Statistical properties of bootstrap estimation of phylogenetic variability from nucleotide sequences. I. Four taxa with a molecular clock.

The statistical properties of sample estimation and bootstrap estimation of phylogenetic variability from a sample of nucleotide sequences are studied by using model trees of three taxa with an outgroup and by assuming a constant rate of nucleotide substitution. The maximum-parsimony method of tree reconstruction is used. An analytic formula is derived for estimating the sequence length that is required if P, the probability of obtaining the true tree from the sampled sequences, is to be equal to or higher than a given value. Bootstrap estimation is formulated as a two-step sampling procedure: (1) sampling of sequences from the evolutionary process and (2) resampling of the original sequence sample. The probability that a bootstrap resampling of an original sequence sample will support the true tree is found to depend on the model tree, the sequence length, and the probability that a randomly chosen nucleotide site is an informative site. When a trifurcating tree is used as the model tree, the probability that one of the three bifurcating trees will appear in > or = 95% of the bootstrap replicates is < 5%, even if the number of bootstrap replicates is only 50; therefore, the probability of accepting an erroneous tree as the true tree is < 5% if that tree appears in > or = 95% of the bootstrap replicates and if more than 50 bootstrap replications are conducted. However, if a particular bifurcating tree is observed in, say, < 75% of the bootstrap replicates, then it cannot be claimed to be better than the trifurcating tree even if > or = 1,000 bootstrap replications are conducted. When a bifurcating tree is used as the model tree, the bootstrap approach tends to overestimate P when the sequences are very short, but it tends to underestimate that probability when the sequences are long.
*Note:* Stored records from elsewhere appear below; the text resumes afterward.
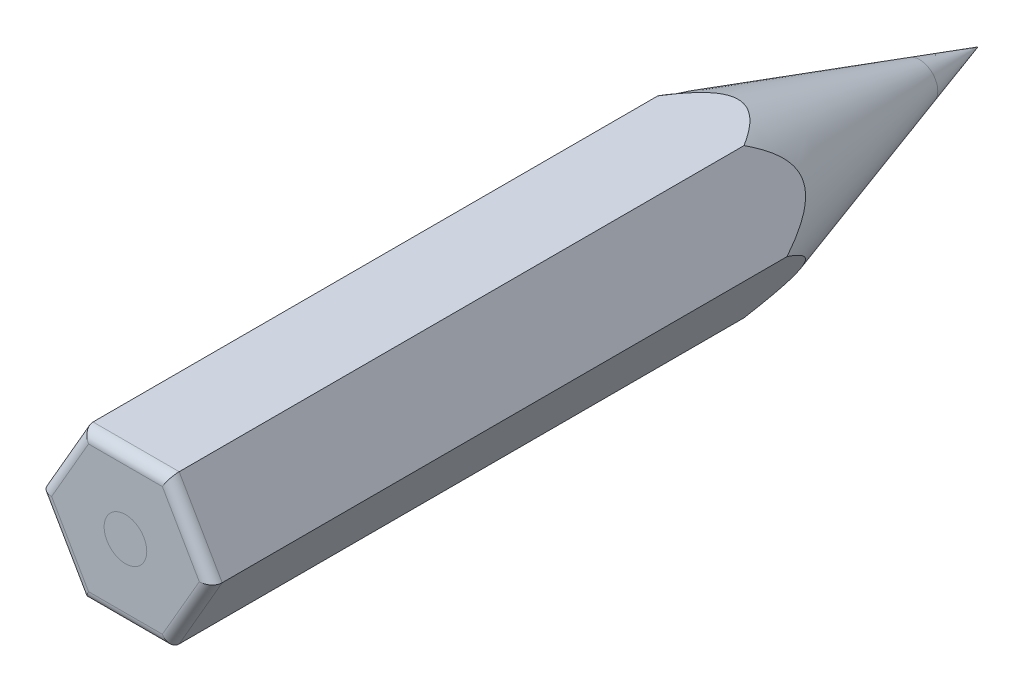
ISO-10303-21;
HEADER;
FILE_DESCRIPTION(('STEP AP214'),'2;1');
FILE_NAME('part.step','',(''),(''),'','','');
FILE_SCHEMA(('AUTOMOTIVE_DESIGN { 1 0 10303 214 1 1 1 1 }'));
ENDSEC;
DATA;
#1=APPLICATION_CONTEXT('core data for automotive mechanical design processes');
#2=APPLICATION_PROTOCOL_DEFINITION('international standard','automotive_design',2000,#1);
#3=PRODUCT_CONTEXT('',#1,'mechanical');
#4=PRODUCT('Part','Part','',(#3));
#5=PRODUCT_RELATED_PRODUCT_CATEGORY('part','',(#4));
#6=PRODUCT_DEFINITION_FORMATION('','',#4);
#7=PRODUCT_DEFINITION_CONTEXT('part definition',#1,'design');
#8=PRODUCT_DEFINITION('design','',#6,#7);
#9=PRODUCT_DEFINITION_SHAPE('','',#8);
#10=(LENGTH_UNIT() NAMED_UNIT(*) SI_UNIT(.MILLI.,.METRE.));
#11=(NAMED_UNIT(*) PLANE_ANGLE_UNIT() SI_UNIT($,.RADIAN.));
#12=(NAMED_UNIT(*) SI_UNIT($,.STERADIAN.) SOLID_ANGLE_UNIT());
#13=UNCERTAINTY_MEASURE_WITH_UNIT(LENGTH_MEASURE(1.E-05),#10,'distance_accuracy_value','');
#14=(GEOMETRIC_REPRESENTATION_CONTEXT(3) GLOBAL_UNCERTAINTY_ASSIGNED_CONTEXT((#13)) GLOBAL_UNIT_ASSIGNED_CONTEXT((#10,
#11,#12)) REPRESENTATION_CONTEXT('',''));
#15=CARTESIAN_POINT('',(0.,0.,0.));
#16=DIRECTION('',(0.,0.,1.));
#17=DIRECTION('',(1.,0.,0.));
#18=AXIS2_PLACEMENT_3D('',#15,#16,#17);
#19=CARTESIAN_POINT('',(0.,0.,0.));
#20=DIRECTION('',(0.,0.,1.));
#21=DIRECTION('',(1.,0.,0.));
#22=AXIS2_PLACEMENT_3D('',#19,#20,#21);
#23=CONICAL_SURFACE('',#22,0.,0.301409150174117);
#24=CARTESIAN_POINT('',(0.,0.,0.));
#25=VERTEX_POINT('',#24);
#26=VERTEX_LOOP('',#25);
#27=FACE_BOUND('',#26,.T.);
#28=CARTESIAN_POINT('',(0.,0.,2.73816623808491));
#29=DIRECTION('',(0.,0.,1.));
#30=DIRECTION('',(1.,0.,0.));
#31=AXIS2_PLACEMENT_3D('',#28,#29,#30);
#32=CIRCLE('',#31,0.85124362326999);
#33=CARTESIAN_POINT('',(0.85124362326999,0.,2.73816623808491));
#34=VERTEX_POINT('',#33);
#35=EDGE_CURVE('E158',#34,#34,#32,.T.);
#36=ORIENTED_EDGE('',*,*,#35,.F.);
#37=EDGE_LOOP('',(#36));
#38=FACE_BOUND('',#37,.T.);
#39=ADVANCED_FACE('F78',(#27,#38),#23,.T.);
#40=CARTESIAN_POINT('',(0.,0.,40.));
#41=DIRECTION('',(0.,0.,1.));
#42=DIRECTION('',(1.,0.,0.));
#43=AXIS2_PLACEMENT_3D('',#40,#41,#42);
#44=PLANE('',#43);
#45=DIRECTION('',(0.500000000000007,-0.866025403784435,0.));
#46=VECTOR('',#45,1.);
#47=CARTESIAN_POINT('',(-1.58771324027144,-3.25000000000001,40.));
#48=LINE('',#47,#46);
#49=CARTESIAN_POINT('',(-3.46410161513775,0.,40.));
#50=VERTEX_POINT('',#49);
#51=CARTESIAN_POINT('',(-1.73205080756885,-3.00000000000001,40.));
#52=VERTEX_POINT('',#51);
#53=EDGE_CURVE('E179',#50,#52,#48,.T.);
#54=ORIENTED_EDGE('',*,*,#53,.T.);
#55=DIRECTION('',(1.,0.,0.));
#56=VECTOR('',#55,1.);
#57=CARTESIAN_POINT('',(2.02072594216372,-2.99999999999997,40.));
#58=LINE('',#57,#56);
#59=CARTESIAN_POINT('',(1.73205080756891,-2.99999999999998,40.));
#60=VERTEX_POINT('',#59);
#61=EDGE_CURVE('E181',#52,#60,#58,.T.);
#62=ORIENTED_EDGE('',*,*,#61,.T.);
#63=DIRECTION('',(0.499999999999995,0.866025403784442,0.));
#64=VECTOR('',#63,1.);
#65=CARTESIAN_POINT('',(3.60843918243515,0.249999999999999,40.));
#66=LINE('',#65,#64);
#67=CARTESIAN_POINT('',(3.46410161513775,0.,40.));
#68=VERTEX_POINT('',#67);
#69=EDGE_CURVE('E161',#60,#68,#66,.T.);
#70=ORIENTED_EDGE('',*,*,#69,.T.);
#71=DIRECTION('',(-0.500000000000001,0.866025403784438,0.));
#72=VECTOR('',#71,1.);
#73=CARTESIAN_POINT('',(1.58771324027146,3.25,40.));
#74=LINE('',#73,#72);
#75=CARTESIAN_POINT('',(1.73205080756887,3.,40.));
#76=VERTEX_POINT('',#75);
#77=EDGE_CURVE('E167',#68,#76,#74,.T.);
#78=ORIENTED_EDGE('',*,*,#77,.T.);
#79=DIRECTION('',(-1.,0.,0.));
#80=VECTOR('',#79,1.);
#81=CARTESIAN_POINT('',(-2.0207259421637,2.99999999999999,40.));
#82=LINE('',#81,#80);
#83=CARTESIAN_POINT('',(-1.73205080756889,2.99999999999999,40.));
#84=VERTEX_POINT('',#83);
#85=EDGE_CURVE('E175',#76,#84,#82,.T.);
#86=ORIENTED_EDGE('',*,*,#85,.T.);
#87=DIRECTION('',(-0.499999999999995,-0.866025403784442,0.));
#88=VECTOR('',#87,1.);
#89=CARTESIAN_POINT('',(-3.60843918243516,-0.250000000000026,40.));
#90=LINE('',#89,#88);
#91=EDGE_CURVE('E177',#84,#50,#90,.T.);
#92=ORIENTED_EDGE('',*,*,#91,.T.);
#93=EDGE_LOOP('',(#54,#62,#70,#78,#86,#92));
#94=FACE_BOUND('',#93,.T.);
#95=CARTESIAN_POINT('',(0.,0.,40.));
#96=DIRECTION('',(0.,0.,1.));
#97=DIRECTION('',(1.,0.,0.));
#98=AXIS2_PLACEMENT_3D('',#95,#96,#97);
#99=CIRCLE('',#98,1.);
#100=CARTESIAN_POINT('',(1.,0.,40.));
#101=VERTEX_POINT('',#100);
#102=EDGE_CURVE('E162',#101,#101,#99,.F.);
#103=ORIENTED_EDGE('',*,*,#102,.T.);
#104=EDGE_LOOP('',(#103));
#105=FACE_BOUND('',#104,.T.);
#106=ADVANCED_FACE('F153',(#94,#105),#44,.T.);
#107=ORIENTED_EDGE('',*,*,#35,.T.);
#108=EDGE_LOOP('',(#107));
#109=FACE_BOUND('',#108,.T.);
#110=CARTESIAN_POINT('',(2.02061047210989,-3.50019999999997,13.0003714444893));
#111=CARTESIAN_POINT('',(2.03722946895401,-3.47141505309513,12.9469145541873));
#112=CARTESIAN_POINT('',(2.05406732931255,-3.44225102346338,12.8937306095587));
#113=CARTESIAN_POINT('',(2.0882417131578,-3.38305925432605,12.7879937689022));
#114=CARTESIAN_POINT('',(2.10557833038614,-3.35303135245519,12.7354409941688));
#115=CARTESIAN_POINT('',(2.15859521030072,-3.26120342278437,12.5783630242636));
#116=CARTESIAN_POINT('',(2.19511665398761,-3.1979464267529,12.4749574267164));
#117=CARTESIAN_POINT('',(2.27180037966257,-3.0651263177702,12.2702621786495));
#118=CARTESIAN_POINT('',(2.31202281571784,-2.99545901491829,12.1690619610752));
#119=CARTESIAN_POINT('',(2.39629081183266,-2.84950256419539,11.9734651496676));
#120=CARTESIAN_POINT('',(2.44032735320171,-2.77322903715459,11.8790534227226));
#121=CARTESIAN_POINT('',(2.51820192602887,-2.63834632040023,11.73032605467));
#122=CARTESIAN_POINT('',(2.55061417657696,-2.58220665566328,11.6730550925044));
#123=CARTESIAN_POINT('',(2.61822535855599,-2.4651006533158,11.565482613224));
#124=CARTESIAN_POINT('',(2.65342202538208,-2.40413823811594,11.5151755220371));
#125=CARTESIAN_POINT('',(2.72759365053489,-2.27566921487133,11.4239429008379));
#126=CARTESIAN_POINT('',(2.76661944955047,-2.20807454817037,11.3831778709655));
#127=CARTESIAN_POINT('',(2.84778395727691,-2.06749349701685,11.3170053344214));
#128=CARTESIAN_POINT('',(2.88990925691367,-1.99453033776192,11.2915355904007));
#129=CARTESIAN_POINT('',(2.96390554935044,-1.86636499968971,11.2648600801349));
#130=CARTESIAN_POINT('',(2.99534266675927,-1.81191431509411,11.258855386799));
#131=CARTESIAN_POINT('',(3.05827045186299,-1.7029201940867,11.25787252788));
#132=CARTESIAN_POINT('',(3.08976112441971,-1.64837674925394,11.2628954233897));
#133=CARTESIAN_POINT('',(3.15172794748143,-1.5410470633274,11.2832954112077));
#134=CARTESIAN_POINT('',(3.18220779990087,-1.48825441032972,11.2986289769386));
#135=CARTESIAN_POINT('',(3.2416996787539,-1.38521145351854,11.3379679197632));
#136=CARTESIAN_POINT('',(3.27071132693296,-1.33496180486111,11.3619755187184));
#137=CARTESIAN_POINT('',(3.34786894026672,-1.20132089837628,11.4370428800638));
#138=CARTESIAN_POINT('',(3.39432200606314,-1.12086182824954,11.4949869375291));
#139=CARTESIAN_POINT('',(3.48283944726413,-0.967545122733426,11.6240455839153));
#140=CARTESIAN_POINT('',(3.52485596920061,-0.894770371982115,11.6952845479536));
#141=CARTESIAN_POINT('',(3.61345862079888,-0.741306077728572,11.8616096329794));
#142=CARTESIAN_POINT('',(3.65915419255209,-0.662159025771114,11.95856329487));
#143=CARTESIAN_POINT('',(3.74645213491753,-0.510954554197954,12.1598244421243));
#144=CARTESIAN_POINT('',(3.78804383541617,-0.438915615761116,12.2641499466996));
#145=CARTESIAN_POINT('',(3.86621004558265,-0.303527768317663,12.472577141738));
#146=CARTESIAN_POINT('',(3.90292760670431,-0.23993108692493,12.5764662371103));
#147=CARTESIAN_POINT('',(3.95621180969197,-0.147640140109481,12.7342710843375));
#148=CARTESIAN_POINT('',(3.97362910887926,-0.117472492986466,12.7870535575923));
#149=CARTESIAN_POINT('',(4.00796025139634,-0.058009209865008,12.8932562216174));
#150=CARTESIAN_POINT('',(4.0248741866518,-0.0287134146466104,12.9466762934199));
#151=CARTESIAN_POINT('',(4.04156735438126,0.000200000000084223,13.0003714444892));
#152=B_SPLINE_CURVE_WITH_KNOTS('',3,(#110,#111,#112,#113,#114,#115,#116,#117,#118,#119,#120,
#121,#122,#123,#124,#125,#126,#127,#128,#129,#130,#131,#132,#133,#134,#135,#136,#137,#138,#139,
#140,#141,#142,#143,#144,#145,#146,#147,#148,#149,#150,#151),.UNSPECIFIED.,.F.,.F.,(4,2,2,2,2,2,
2,2,2,2,2,2,2,2,2,2,2,2,2,2,4),(0.,0.188837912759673,0.377711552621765,0.757356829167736,
1.14493911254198,1.53162872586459,1.79079874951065,2.04976011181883,2.3128062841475,
2.57477472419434,2.76334374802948,2.95193091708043,3.13972692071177,3.32757106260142,
3.65414724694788,3.98394746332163,4.38293624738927,4.78293648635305,5.16444572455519,
5.35416083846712,5.54384109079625),.UNSPECIFIED.);
#153=CARTESIAN_POINT('',(2.02072594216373,-3.49999999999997,13.));
#154=VERTEX_POINT('',#153);
#155=CARTESIAN_POINT('',(4.04145188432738,0.,13.));
#156=VERTEX_POINT('',#155);
#157=EDGE_CURVE('E242',#154,#156,#152,.T.);
#158=ORIENTED_EDGE('',*,*,#157,.F.);
#159=CARTESIAN_POINT('',(-12.326890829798,-3.50000000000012,41.2188124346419));
#160=CARTESIAN_POINT('',(-12.0741858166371,-3.50000000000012,40.4368939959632));
#161=CARTESIAN_POINT('',(-11.8209783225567,-3.50000000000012,39.6551374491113));
#162=CARTESIAN_POINT('',(-11.313288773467,-3.50000000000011,38.0920348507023));
#163=CARTESIAN_POINT('',(-11.0588067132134,-3.50000000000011,37.3106888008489));
#164=CARTESIAN_POINT('',(-10.5482451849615,-3.5000000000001,35.7483310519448));
#165=CARTESIAN_POINT('',(-10.2921653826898,-3.5000000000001,34.9673194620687));
#166=CARTESIAN_POINT('',(-9.77808417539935,-3.5000000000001,33.4059303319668));
#167=CARTESIAN_POINT('',(-9.52008277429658,-3.50000000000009,32.6255527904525));
#168=CARTESIAN_POINT('',(-9.0006166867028,-3.50000000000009,31.0625052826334));
#169=CARTESIAN_POINT('',(-8.73914231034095,-3.50000000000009,30.2798385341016));
#170=CARTESIAN_POINT('',(-8.21301658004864,-3.50000000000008,28.7155738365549));
#171=CARTESIAN_POINT('',(-7.94836523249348,-3.50000000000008,27.9339758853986));
#172=CARTESIAN_POINT('',(-7.41485804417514,-3.50000000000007,26.3723200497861));
#173=CARTESIAN_POINT('',(-7.14600271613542,-3.50000000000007,25.5922619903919));
#174=CARTESIAN_POINT('',(-6.60247055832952,-3.50000000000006,24.0341797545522));
#175=CARTESIAN_POINT('',(-6.32779380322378,-3.50000000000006,23.2561555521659));
#176=CARTESIAN_POINT('',(-5.83773374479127,-3.50000000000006,21.8917707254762));
#177=CARTESIAN_POINT('',(-5.6241556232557,-3.50000000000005,21.3047625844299));
#178=CARTESIAN_POINT('',(-5.19028824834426,-3.50000000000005,20.1331091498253));
#179=CARTESIAN_POINT('',(-4.96999792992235,-3.50000000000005,19.5484642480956));
#180=CARTESIAN_POINT('',(-4.63233695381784,-3.50000000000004,18.6744391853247));
#181=CARTESIAN_POINT('',(-4.51860577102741,-3.50000000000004,18.3836537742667));
#182=CARTESIAN_POINT('',(-4.28813108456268,-3.50000000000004,17.8032807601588));
#183=CARTESIAN_POINT('',(-4.17138762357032,-3.50000000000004,17.5136931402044));
#184=CARTESIAN_POINT('',(-3.93415637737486,-3.50000000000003,16.9361582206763));
#185=CARTESIAN_POINT('',(-3.8136697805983,-3.50000000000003,16.6482104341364));
#186=CARTESIAN_POINT('',(-3.56783386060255,-3.50000000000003,16.0744036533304));
#187=CARTESIAN_POINT('',(-3.44248478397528,-3.50000000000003,15.7885445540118));
#188=CARTESIAN_POINT('',(-3.20129524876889,-3.50000000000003,15.2551426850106));
#189=CARTESIAN_POINT('',(-3.08621247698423,-3.50000000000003,15.007258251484));
#190=CARTESIAN_POINT('',(-2.84936836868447,-3.50000000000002,14.5145005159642));
#191=CARTESIAN_POINT('',(-2.72760349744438,-3.50000000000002,14.2696288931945));
#192=CARTESIAN_POINT('',(-2.5378893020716,-3.50000000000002,13.9056453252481));
#193=CARTESIAN_POINT('',(-2.47339482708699,-3.50000000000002,13.7847337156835));
#194=CARTESIAN_POINT('',(-2.34159407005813,-3.50000000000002,13.5444567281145));
#195=CARTESIAN_POINT('',(-2.27428798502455,-3.50000000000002,13.4250912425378));
#196=CARTESIAN_POINT('',(-2.13629519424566,-3.50000000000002,13.1884677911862));
#197=CARTESIAN_POINT('',(-2.06561162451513,-3.50000000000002,13.0712080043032));
#198=CARTESIAN_POINT('',(-1.91996345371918,-3.50000000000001,12.8393910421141));
#199=CARTESIAN_POINT('',(-1.84499983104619,-3.50000000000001,12.7248332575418));
#200=CARTESIAN_POINT('',(-1.70388794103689,-3.50000000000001,12.5202433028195));
#201=CARTESIAN_POINT('',(-1.6386590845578,-3.50000000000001,12.4295801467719));
#202=CARTESIAN_POINT('',(-1.50356958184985,-3.50000000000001,12.2516180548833));
#203=CARTESIAN_POINT('',(-1.43370520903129,-3.50000000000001,12.1643219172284));
#204=CARTESIAN_POINT('',(-1.28862724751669,-3.50000000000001,11.995192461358));
#205=CARTESIAN_POINT('',(-1.2134500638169,-3.50000000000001,11.9133282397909));
#206=CARTESIAN_POINT('',(-1.05585086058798,-3.5,11.7569887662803));
#207=CARTESIAN_POINT('',(-0.973442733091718,-3.5,11.6824999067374));
#208=CARTESIAN_POINT('',(-0.823883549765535,-3.5,11.5644053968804));
#209=CARTESIAN_POINT('',(-0.75896496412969,-3.5,11.5180077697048));
#210=CARTESIAN_POINT('',(-0.623717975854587,-3.5,11.433711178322));
#211=CARTESIAN_POINT('',(-0.553392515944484,-3.5,11.3958076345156));
#212=CARTESIAN_POINT('',(-0.418337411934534,-3.5,11.3367446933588));
#213=CARTESIAN_POINT('',(-0.354348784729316,-3.5,11.313927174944));
#214=CARTESIAN_POINT('',(-0.223470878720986,-3.5,11.2793149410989));
#215=CARTESIAN_POINT('',(-0.156586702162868,-3.5,11.2675016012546));
#216=CARTESIAN_POINT('',(-0.0213573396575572,-3.49999999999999,11.2564329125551));
#217=CARTESIAN_POINT('',(0.0469940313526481,-3.49999999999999,11.2572500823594));
#218=CARTESIAN_POINT('',(0.182388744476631,-3.49999999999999,11.2714964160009));
#219=CARTESIAN_POINT('',(0.249430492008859,-3.49999999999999,11.2849400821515));
#220=CARTESIAN_POINT('',(0.394296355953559,-3.49999999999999,11.3266844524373));
#221=CARTESIAN_POINT('',(0.471364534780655,-3.49999999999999,11.3575453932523));
#222=CARTESIAN_POINT('',(0.619654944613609,-3.49999999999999,11.4309649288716));
#223=CARTESIAN_POINT('',(0.690865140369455,-3.49999999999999,11.4735468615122));
#224=CARTESIAN_POINT('',(0.82210484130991,-3.49999999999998,11.5630466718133));
#225=CARTESIAN_POINT('',(0.882572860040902,-3.49999999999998,11.6093368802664));
#226=CARTESIAN_POINT('',(0.999391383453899,-3.49999999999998,11.7068951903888));
#227=CARTESIAN_POINT('',(1.05573792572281,-3.49999999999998,11.7581679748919));
#228=CARTESIAN_POINT('',(1.1650688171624,-3.49999999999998,11.8645101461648));
#229=CARTESIAN_POINT('',(1.21804083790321,-3.49999999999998,11.9195920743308));
#230=CARTESIAN_POINT('',(1.32094040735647,-3.49999999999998,12.0324594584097));
#231=CARTESIAN_POINT('',(1.37086937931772,-3.49999999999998,12.0902436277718));
#232=CARTESIAN_POINT('',(1.51182796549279,-3.49999999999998,12.2606329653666));
#233=CARTESIAN_POINT('',(1.59957795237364,-3.49999999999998,12.3759455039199));
#234=CARTESIAN_POINT('',(1.76838927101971,-3.49999999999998,12.6113998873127));
#235=CARTESIAN_POINT('',(1.84944562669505,-3.49999999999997,12.7315452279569));
#236=CARTESIAN_POINT('',(2.0065755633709,-3.49999999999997,12.9754108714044));
#237=CARTESIAN_POINT('',(2.08263766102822,-3.49999999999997,13.0991385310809));
#238=CARTESIAN_POINT('',(2.23070583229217,-3.49999999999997,13.3490011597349));
#239=CARTESIAN_POINT('',(2.30271140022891,-3.49999999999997,13.4751364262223));
#240=CARTESIAN_POINT('',(2.44411165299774,-3.49999999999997,13.7303892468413));
#241=CARTESIAN_POINT('',(2.51347584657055,-3.49999999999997,13.859523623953));
#242=CARTESIAN_POINT('',(2.64948877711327,-3.49999999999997,14.1192202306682));
#243=CARTESIAN_POINT('',(2.7161373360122,-3.49999999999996,14.249782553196));
#244=CARTESIAN_POINT('',(2.84707039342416,-3.49999999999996,14.5118291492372));
#245=CARTESIAN_POINT('',(2.91135842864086,-3.49999999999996,14.6433116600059));
#246=CARTESIAN_POINT('',(3.03802698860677,-3.49999999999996,14.9071846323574));
#247=CARTESIAN_POINT('',(3.10040757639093,-3.49999999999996,15.0395750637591));
#248=CARTESIAN_POINT('',(3.28759879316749,-3.49999999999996,15.4432051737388));
#249=CARTESIAN_POINT('',(3.4098538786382,-3.49999999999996,15.7156303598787));
#250=CARTESIAN_POINT('',(3.64935035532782,-3.49999999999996,16.2626814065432));
#251=CARTESIAN_POINT('',(3.76659140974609,-3.49999999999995,16.5373074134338));
#252=CARTESIAN_POINT('',(3.99720537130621,-3.49999999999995,17.08824349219));
#253=CARTESIAN_POINT('',(4.11057745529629,-3.49999999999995,17.3645539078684));
#254=CARTESIAN_POINT('',(4.33422513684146,-3.49999999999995,17.9184269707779));
#255=CARTESIAN_POINT('',(4.44450067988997,-3.49999999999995,18.195989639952));
#256=CARTESIAN_POINT('',(4.771947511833,-3.49999999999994,19.0310437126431));
#257=CARTESIAN_POINT('',(4.9853688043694,-3.49999999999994,19.5900046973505));
#258=CARTESIAN_POINT('',(5.40532707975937,-3.49999999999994,20.7104096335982));
#259=CARTESIAN_POINT('',(5.61186491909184,-3.49999999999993,21.2718532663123));
#260=CARTESIAN_POINT('',(6.00468298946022,-3.49999999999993,22.3544983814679));
#261=CARTESIAN_POINT('',(6.19132310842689,-3.49999999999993,22.8755695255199));
#262=CARTESIAN_POINT('',(6.56132150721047,-3.49999999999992,23.9188968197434));
#263=CARTESIAN_POINT('',(6.74467965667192,-3.49999999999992,24.4411530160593));
#264=CARTESIAN_POINT('',(7.10830865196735,-3.49999999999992,25.4851149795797));
#265=CARTESIAN_POINT('',(7.28858664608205,-3.49999999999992,26.0068182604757));
#266=CARTESIAN_POINT('',(7.64704281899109,-3.49999999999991,27.0509140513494));
#267=CARTESIAN_POINT('',(7.82522111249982,-3.49999999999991,27.5733065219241));
#268=CARTESIAN_POINT('',(8.00259369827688,-3.49999999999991,28.0959701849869));
#269=B_SPLINE_CURVE_WITH_KNOTS('',3,(#159,#160,#161,#162,#163,#164,#165,#166,#167,#168,#169,
#170,#171,#172,#173,#174,#175,#176,#177,#178,#179,#180,#181,#182,#183,#184,#185,#186,#187,#188,
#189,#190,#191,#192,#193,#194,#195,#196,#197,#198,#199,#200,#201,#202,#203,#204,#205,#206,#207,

Moreover, simulation results show that, if a tree is accepted as the true tree only if it has appeared in > or = 95% of the bootstrap replicates, then the probability of failing to accept any bifurcating tree can be as large as 58% even when P = 95%, i.e., even when 95% of the samples from the evolutionary process will support the true tree. Thus, if the rate-constancy assumption holds, bootstrapping is a conservative approach for estimating the reliability of an inferred phylogeny for four taxa.